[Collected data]
++++++++++++++++++++

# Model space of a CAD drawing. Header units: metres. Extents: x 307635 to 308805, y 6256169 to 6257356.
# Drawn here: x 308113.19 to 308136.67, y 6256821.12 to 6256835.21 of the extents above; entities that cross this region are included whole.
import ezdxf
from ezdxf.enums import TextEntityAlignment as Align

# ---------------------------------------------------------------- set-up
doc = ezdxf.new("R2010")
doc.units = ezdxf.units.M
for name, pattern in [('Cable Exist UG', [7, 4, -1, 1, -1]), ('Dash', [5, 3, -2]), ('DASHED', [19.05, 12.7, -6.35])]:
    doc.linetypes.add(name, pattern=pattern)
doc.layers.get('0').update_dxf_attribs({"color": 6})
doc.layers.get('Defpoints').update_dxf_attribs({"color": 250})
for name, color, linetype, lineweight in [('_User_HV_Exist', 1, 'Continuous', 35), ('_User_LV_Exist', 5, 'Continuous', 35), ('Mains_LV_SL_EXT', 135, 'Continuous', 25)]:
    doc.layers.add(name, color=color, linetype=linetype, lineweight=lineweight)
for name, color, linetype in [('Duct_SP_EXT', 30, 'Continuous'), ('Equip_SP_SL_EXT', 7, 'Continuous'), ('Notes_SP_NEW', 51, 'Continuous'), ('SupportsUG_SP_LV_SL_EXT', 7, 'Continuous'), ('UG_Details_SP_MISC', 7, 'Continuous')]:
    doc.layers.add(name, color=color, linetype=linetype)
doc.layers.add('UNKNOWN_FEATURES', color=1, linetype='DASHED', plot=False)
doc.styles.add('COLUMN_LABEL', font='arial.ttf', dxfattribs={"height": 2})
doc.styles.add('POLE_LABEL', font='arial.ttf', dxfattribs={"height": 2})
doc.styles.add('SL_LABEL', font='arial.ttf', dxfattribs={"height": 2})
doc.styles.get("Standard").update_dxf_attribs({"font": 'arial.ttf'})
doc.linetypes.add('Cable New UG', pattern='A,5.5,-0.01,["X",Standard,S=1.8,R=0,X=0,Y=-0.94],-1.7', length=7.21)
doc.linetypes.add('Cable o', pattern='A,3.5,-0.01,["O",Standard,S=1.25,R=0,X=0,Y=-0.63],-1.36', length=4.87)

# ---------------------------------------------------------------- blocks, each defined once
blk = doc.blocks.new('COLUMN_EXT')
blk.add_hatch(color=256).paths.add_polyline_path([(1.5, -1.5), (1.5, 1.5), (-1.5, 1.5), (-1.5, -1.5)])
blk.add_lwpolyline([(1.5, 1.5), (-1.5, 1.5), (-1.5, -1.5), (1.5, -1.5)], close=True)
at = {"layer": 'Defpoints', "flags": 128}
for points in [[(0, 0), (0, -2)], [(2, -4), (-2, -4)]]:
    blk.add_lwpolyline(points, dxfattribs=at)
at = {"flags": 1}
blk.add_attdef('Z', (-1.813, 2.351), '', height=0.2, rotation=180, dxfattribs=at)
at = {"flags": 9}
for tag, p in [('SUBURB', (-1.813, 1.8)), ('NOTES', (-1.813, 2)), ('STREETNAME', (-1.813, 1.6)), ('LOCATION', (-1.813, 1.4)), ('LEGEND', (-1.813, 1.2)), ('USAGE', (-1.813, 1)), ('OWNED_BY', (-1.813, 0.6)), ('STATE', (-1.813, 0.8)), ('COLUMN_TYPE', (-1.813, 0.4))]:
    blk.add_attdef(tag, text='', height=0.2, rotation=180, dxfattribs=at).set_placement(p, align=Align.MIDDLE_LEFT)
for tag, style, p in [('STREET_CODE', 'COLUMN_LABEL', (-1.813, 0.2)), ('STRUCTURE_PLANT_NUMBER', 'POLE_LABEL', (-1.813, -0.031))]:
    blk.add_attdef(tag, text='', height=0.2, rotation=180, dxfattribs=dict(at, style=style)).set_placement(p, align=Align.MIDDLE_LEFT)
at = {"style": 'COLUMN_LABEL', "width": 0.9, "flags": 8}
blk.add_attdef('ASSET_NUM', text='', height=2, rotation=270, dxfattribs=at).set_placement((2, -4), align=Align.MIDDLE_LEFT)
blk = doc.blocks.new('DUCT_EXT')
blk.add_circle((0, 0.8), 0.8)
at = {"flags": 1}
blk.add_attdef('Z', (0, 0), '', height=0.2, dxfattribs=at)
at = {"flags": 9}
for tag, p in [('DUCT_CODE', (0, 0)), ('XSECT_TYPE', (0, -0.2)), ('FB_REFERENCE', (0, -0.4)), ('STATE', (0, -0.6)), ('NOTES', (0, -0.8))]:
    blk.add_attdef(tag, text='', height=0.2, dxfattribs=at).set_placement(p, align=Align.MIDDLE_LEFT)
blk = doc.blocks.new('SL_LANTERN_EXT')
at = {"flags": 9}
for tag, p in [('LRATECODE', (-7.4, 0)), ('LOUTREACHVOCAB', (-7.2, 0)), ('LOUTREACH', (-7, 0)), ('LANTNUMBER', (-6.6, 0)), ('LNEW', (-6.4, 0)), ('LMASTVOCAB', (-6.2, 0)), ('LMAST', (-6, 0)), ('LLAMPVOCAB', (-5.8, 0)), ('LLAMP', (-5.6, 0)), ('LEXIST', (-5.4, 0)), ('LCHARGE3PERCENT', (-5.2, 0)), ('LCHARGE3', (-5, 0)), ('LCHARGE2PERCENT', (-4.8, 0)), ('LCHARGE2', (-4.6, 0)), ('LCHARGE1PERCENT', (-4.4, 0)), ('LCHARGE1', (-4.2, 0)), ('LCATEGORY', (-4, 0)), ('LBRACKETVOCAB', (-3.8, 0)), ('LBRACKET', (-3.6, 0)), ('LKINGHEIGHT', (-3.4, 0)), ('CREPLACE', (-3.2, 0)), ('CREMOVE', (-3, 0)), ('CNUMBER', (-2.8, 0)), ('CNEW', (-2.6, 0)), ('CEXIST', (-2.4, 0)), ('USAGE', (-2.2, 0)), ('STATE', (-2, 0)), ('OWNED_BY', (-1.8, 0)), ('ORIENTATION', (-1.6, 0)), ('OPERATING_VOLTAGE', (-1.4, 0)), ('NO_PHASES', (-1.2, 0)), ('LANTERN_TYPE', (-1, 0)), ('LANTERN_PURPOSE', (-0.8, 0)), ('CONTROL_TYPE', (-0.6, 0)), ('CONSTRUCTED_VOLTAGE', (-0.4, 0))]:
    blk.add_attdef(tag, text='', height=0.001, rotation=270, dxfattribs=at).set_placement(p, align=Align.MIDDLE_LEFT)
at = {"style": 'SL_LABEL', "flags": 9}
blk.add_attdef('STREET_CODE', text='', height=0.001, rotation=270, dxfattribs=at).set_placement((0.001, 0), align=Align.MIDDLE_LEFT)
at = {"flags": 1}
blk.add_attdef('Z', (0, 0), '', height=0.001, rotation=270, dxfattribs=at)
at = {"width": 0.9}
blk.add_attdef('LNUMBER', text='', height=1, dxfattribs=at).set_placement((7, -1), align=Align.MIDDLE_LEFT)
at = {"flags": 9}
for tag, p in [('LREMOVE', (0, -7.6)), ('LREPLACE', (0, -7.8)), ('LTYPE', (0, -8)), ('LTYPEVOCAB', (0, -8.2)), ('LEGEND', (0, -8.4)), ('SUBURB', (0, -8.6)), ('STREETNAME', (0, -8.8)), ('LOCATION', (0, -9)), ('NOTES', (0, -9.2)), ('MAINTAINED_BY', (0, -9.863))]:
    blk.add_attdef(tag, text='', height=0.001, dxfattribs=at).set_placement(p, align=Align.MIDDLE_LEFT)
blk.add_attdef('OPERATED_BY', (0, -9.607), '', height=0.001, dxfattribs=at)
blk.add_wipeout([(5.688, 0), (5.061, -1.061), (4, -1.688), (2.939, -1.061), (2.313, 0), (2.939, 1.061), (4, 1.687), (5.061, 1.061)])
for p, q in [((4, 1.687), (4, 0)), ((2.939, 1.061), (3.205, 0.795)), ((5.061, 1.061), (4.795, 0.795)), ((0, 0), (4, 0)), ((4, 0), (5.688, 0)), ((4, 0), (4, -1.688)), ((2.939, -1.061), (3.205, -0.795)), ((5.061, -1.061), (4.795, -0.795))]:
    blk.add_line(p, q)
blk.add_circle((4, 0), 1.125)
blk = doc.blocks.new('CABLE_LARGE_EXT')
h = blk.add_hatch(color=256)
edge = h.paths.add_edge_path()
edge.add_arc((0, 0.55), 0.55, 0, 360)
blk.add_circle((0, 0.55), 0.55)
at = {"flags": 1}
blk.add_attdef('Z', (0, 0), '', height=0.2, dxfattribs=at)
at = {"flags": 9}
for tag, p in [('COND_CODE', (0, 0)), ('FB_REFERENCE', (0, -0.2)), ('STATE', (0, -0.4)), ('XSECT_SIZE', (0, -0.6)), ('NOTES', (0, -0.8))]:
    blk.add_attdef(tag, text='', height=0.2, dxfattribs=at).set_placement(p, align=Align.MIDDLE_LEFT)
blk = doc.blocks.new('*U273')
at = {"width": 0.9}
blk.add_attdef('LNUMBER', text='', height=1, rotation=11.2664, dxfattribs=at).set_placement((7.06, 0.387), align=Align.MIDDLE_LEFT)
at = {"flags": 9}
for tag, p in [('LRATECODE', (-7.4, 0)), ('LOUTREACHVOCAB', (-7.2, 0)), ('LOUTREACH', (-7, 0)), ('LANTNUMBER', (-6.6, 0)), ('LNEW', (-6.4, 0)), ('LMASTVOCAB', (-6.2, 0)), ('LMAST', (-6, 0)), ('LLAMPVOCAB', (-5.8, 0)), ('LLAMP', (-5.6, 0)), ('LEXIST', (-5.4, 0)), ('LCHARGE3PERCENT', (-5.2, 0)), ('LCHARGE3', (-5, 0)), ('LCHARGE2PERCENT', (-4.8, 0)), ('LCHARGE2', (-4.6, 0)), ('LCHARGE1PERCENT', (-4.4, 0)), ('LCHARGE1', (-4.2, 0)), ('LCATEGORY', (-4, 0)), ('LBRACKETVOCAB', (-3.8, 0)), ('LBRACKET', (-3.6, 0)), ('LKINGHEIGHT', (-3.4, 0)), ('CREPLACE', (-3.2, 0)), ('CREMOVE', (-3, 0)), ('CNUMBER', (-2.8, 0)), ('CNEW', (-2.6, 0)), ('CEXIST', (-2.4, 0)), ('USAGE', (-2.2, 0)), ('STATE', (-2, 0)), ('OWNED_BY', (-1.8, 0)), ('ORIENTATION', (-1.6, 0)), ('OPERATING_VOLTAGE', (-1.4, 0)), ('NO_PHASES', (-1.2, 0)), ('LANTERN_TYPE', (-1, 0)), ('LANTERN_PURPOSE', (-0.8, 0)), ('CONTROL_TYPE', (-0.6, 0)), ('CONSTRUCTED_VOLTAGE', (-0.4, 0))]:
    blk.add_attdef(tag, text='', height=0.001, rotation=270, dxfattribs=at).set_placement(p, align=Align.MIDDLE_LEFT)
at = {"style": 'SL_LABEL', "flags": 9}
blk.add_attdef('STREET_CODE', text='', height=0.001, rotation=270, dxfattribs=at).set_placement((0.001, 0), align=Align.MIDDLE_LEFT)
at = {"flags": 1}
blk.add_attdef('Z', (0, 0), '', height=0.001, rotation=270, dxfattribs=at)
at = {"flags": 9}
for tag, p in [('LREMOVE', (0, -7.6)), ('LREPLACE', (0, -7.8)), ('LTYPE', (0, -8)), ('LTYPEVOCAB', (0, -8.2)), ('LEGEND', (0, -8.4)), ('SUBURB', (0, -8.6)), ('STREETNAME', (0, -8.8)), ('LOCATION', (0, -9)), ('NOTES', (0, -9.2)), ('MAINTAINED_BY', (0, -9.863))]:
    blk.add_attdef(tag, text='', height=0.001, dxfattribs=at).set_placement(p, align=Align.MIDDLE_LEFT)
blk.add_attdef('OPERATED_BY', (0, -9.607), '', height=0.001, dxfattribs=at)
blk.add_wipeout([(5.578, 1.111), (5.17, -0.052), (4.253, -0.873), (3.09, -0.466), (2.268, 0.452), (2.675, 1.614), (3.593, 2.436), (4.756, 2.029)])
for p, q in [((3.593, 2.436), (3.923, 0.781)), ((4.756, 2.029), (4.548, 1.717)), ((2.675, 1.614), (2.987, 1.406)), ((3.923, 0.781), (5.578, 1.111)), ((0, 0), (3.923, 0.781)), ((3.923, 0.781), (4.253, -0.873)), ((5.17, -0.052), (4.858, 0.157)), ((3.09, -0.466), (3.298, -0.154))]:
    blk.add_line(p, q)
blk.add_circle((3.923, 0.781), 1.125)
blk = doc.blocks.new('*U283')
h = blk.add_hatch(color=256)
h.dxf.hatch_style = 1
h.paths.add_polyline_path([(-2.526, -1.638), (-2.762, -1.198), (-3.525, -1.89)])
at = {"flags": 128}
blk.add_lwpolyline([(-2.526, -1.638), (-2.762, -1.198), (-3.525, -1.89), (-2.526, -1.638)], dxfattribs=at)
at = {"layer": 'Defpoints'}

++++++++++++++++++++

**WHAT TO DO:** Work out how many lines above include the string "LNUMBER", then give that number alone.

**RESPONSE FOR THIS EXERCISE:** 2